The expected output is the line holding "Lbody : Constant" plus every line after it through the end of the listing, copied exactly.
● ● ● ● ●
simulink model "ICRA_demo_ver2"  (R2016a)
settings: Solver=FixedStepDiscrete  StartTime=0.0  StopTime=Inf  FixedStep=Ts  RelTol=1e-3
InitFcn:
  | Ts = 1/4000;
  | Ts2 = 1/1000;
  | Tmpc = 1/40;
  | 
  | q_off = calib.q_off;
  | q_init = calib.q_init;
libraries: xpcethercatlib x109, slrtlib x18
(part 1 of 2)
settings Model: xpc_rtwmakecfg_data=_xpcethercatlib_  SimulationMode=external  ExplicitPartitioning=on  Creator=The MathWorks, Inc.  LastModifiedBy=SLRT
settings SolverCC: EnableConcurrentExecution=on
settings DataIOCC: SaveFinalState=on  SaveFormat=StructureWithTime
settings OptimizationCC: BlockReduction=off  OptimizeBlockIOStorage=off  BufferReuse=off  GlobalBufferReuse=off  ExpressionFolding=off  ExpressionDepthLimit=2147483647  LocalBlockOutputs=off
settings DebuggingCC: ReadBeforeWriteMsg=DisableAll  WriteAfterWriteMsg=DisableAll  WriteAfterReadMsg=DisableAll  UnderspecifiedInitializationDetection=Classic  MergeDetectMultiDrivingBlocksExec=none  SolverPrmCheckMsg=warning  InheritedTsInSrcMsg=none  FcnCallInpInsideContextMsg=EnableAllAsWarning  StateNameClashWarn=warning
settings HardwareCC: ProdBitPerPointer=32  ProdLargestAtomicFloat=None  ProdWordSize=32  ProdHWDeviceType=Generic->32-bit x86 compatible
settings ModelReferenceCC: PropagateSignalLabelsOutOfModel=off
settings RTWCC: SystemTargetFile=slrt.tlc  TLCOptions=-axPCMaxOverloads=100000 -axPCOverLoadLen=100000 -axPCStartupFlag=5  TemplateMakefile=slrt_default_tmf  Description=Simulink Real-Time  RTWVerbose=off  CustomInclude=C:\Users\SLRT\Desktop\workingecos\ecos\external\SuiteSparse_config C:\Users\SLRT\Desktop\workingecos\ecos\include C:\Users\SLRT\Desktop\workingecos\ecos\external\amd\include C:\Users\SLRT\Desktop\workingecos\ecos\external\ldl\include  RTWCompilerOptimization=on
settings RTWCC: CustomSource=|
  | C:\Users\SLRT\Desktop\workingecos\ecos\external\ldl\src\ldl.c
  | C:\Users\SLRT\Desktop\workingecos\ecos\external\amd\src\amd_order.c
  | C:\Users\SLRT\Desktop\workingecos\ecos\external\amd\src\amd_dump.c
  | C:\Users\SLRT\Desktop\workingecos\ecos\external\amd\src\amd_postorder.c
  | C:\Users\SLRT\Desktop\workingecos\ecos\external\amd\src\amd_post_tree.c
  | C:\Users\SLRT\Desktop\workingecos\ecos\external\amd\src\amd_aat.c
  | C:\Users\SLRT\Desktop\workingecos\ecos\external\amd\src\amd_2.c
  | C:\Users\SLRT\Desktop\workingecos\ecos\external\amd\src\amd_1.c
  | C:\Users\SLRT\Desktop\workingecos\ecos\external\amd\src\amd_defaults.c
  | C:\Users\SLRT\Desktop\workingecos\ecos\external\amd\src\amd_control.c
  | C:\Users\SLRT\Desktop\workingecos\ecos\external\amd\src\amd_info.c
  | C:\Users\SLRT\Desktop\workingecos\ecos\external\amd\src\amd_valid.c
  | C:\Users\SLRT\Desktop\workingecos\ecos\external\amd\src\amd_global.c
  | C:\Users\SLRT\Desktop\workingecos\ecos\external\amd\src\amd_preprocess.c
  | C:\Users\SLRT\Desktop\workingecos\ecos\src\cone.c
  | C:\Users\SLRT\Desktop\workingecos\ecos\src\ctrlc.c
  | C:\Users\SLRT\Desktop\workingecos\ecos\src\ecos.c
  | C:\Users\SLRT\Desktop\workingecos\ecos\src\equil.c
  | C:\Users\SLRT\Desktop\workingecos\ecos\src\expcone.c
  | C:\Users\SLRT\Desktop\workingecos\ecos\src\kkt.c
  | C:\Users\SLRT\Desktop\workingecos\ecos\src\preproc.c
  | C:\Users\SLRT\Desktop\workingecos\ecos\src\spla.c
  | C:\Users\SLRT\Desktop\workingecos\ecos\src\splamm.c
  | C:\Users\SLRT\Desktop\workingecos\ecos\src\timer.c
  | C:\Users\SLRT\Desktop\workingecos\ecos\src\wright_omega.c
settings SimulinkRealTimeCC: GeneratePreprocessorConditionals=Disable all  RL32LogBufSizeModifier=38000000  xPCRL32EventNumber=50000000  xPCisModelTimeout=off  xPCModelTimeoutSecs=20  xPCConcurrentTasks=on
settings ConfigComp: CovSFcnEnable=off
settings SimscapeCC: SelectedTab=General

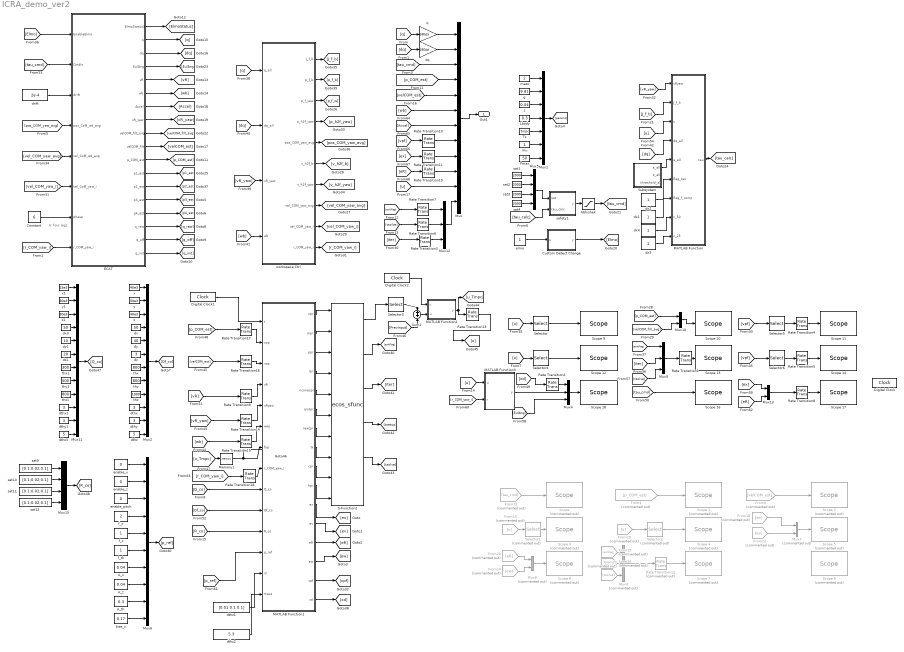
== system ICRA_demo_ver2 ==
  note: 6: four legs
  A_th : Constant  Value=0.3  SampleTime=Tmpc
  A_x : Constant  Value=0.04  SampleTime=Tmpc
  A_z : Constant  Value=0.04  SampleTime=Tmpc
  Abhishek : Saturate  UpperLimit=300  LowerLimit=-300
  Constant : Constant  Value=6  SampleTime=Ts
  Custom Detect Change : MATLAB Function  TreatAsAtomicUnit=on
  Digital Clock1 : DigitalClock  SampleTime=Tmpc
  Digital Clock2 : DigitalClock  SampleTime=Tmpc
  ECAT : Subsystem
  Fmax : Constant  Value=50  SampleTime=Ts
  From10 : From  Commented=on  GotoTag=u
  From18 : From  Commented=on  GotoTag=ex
  From19 : From  Commented=on  GotoTag=tau_cmd
  From20 : From  Commented=on  GotoTag=u
  From22 : From  Commented=on  GotoTag=ev
  From23 : From  Commented=on  GotoTag=eR
  From24 : From  Commented=on  GotoTag=ew
  From25 : From  Commented=on  GotoTag=exitFlag
  From26 : From  Commented=on  GotoTag=iter
  From27 : From  Commented=on  GotoTag=tsolve
  From4 : From  Commented=on  GotoTag=p_COM_est
  From9 : From  Commented=on  GotoTag=velCOM_est
  J : Constant  Value=0.04  SampleTime=Ts
  Lbody : Constant  Value=0.3  SampleTime=Ts
  MATLAB Function : MATLAB Function  TreatAsAtomicUnit=on
  MATLAB Function1 : MATLAB Function  TreatAsAtomicUnit=on  SystemSampleTime=Tmpc
  MATLAB Function2 : MATLAB Function  TreatAsAtomicUnit=on
  MATLAB Function3 : MATLAB Function  TreatAsAtomicUnit=on
  Memory1 : Memory  InheritSampleTime=on  LinearizeAsDelay=on
  Mux : Mux  Inputs=12
  Mux1 : Mux  Inputs=7
  Mux10 : Mux  Inputs=2
  Mux11 : Mux  Inputs=12
  Mux12 : Mux  Inputs=3
  Mux13 : Mux  Inputs=2
  Mux15 : Mux
  Mux2 : Mux  Inputs=12
  Mux3 : Mux  Commented=on  Inputs=3
  Mux4 : Mux  Inputs=3
  Mux5 : Mux
  Mux6 : Mux  Inputs=10
  Mux7 : Mux  Commented=on  Inputs=2
  Mux8 : Mux  Commented=on  Inputs=2
  Mux9 : Mux  Inputs=3
  Rate Transition{1..8,10..11,13,19} (12 alike) : RateTransition  Deterministic=off  OutPortSampleTime=Ts
  Rate Transition12 : RateTransition  Commented=on  Deterministic=off  OutPortSampleTime=Ts
  Rate Transition{9,14..18} (6 alike) : RateTransition  Deterministic=off  OutPortSampleTime=Tmpc
  S-Function1 : S-Function  FunctionName=ecos_sfunc  SFunctionDeploymentMode=off  EnableBusSupport=off
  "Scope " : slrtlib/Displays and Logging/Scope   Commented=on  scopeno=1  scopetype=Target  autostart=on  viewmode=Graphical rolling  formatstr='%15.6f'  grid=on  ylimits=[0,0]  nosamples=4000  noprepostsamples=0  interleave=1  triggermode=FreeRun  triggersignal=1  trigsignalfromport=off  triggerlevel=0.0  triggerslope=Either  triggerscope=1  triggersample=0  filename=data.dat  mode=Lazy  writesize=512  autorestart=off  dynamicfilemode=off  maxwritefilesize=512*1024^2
● ● ● ● ●
Task result:
  Lbody : Constant  Value=0.3  SampleTime=Ts
  MATLAB Function : MATLAB Function  TreatAsAtomicUnit=on
  MATLAB Function1 : MATLAB Function  TreatAsAtomicUnit=on  SystemSampleTime=Tmpc
  MATLAB Function2 : MATLAB Function  TreatAsAtomicUnit=on
  MATLAB Function3 : MATLAB Function  TreatAsAtomicUnit=on
  Memory1 : Memory  InheritSampleTime=on  LinearizeAsDelay=on
  Mux : Mux  Inputs=12
  Mux1 : Mux  Inputs=7
  Mux10 : Mux  Inputs=2
  Mux11 : Mux  Inputs=12
  Mux12 : Mux  Inputs=3
  Mux13 : Mux  Inputs=2
  Mux15 : Mux
  Mux2 : Mux  Inputs=12
  Mux3 : Mux  Commented=on  Inputs=3
  Mux4 : Mux  Inputs=3
  Mux5 : Mux
  Mux6 : Mux  Inputs=10
  Mux7 : Mux  Commented=on  Inputs=2
  Mux8 : Mux  Commented=on  Inputs=2
  Mux9 : Mux  Inputs=3
  Rate Transition{1..8,10..11,13,19} (12 alike) : RateTransition  Deterministic=off  OutPortSampleTime=Ts
  Rate Transition12 : RateTransition  Commented=on  Deterministic=off  OutPortSampleTime=Ts
  Rate Transition{9,14..18} (6 alike) : RateTransition  Deterministic=off  OutPortSampleTime=Tmpc
  S-Function1 : S-Function  FunctionName=ecos_sfunc  SFunctionDeploymentMode=off  EnableBusSupport=off
  "Scope " : slrtlib/Displays and Logging/Scope   Commented=on  scopeno=1  scopetype=Target  autostart=on  viewmode=Graphical rolling  formatstr='%15.6f'  grid=on  ylimits=[0,0]  nosamples=4000  noprepostsamples=0  interleave=1  triggermode=FreeRun  triggersignal=1  trigsignalfromport=off  triggerlevel=0.0  triggerslope=Either  triggerscope=1  triggersample=0  filename=data.dat  mode=Lazy  writesize=512  autorestart=off  dynamicfilemode=off  maxwritefilesize=512*1024^2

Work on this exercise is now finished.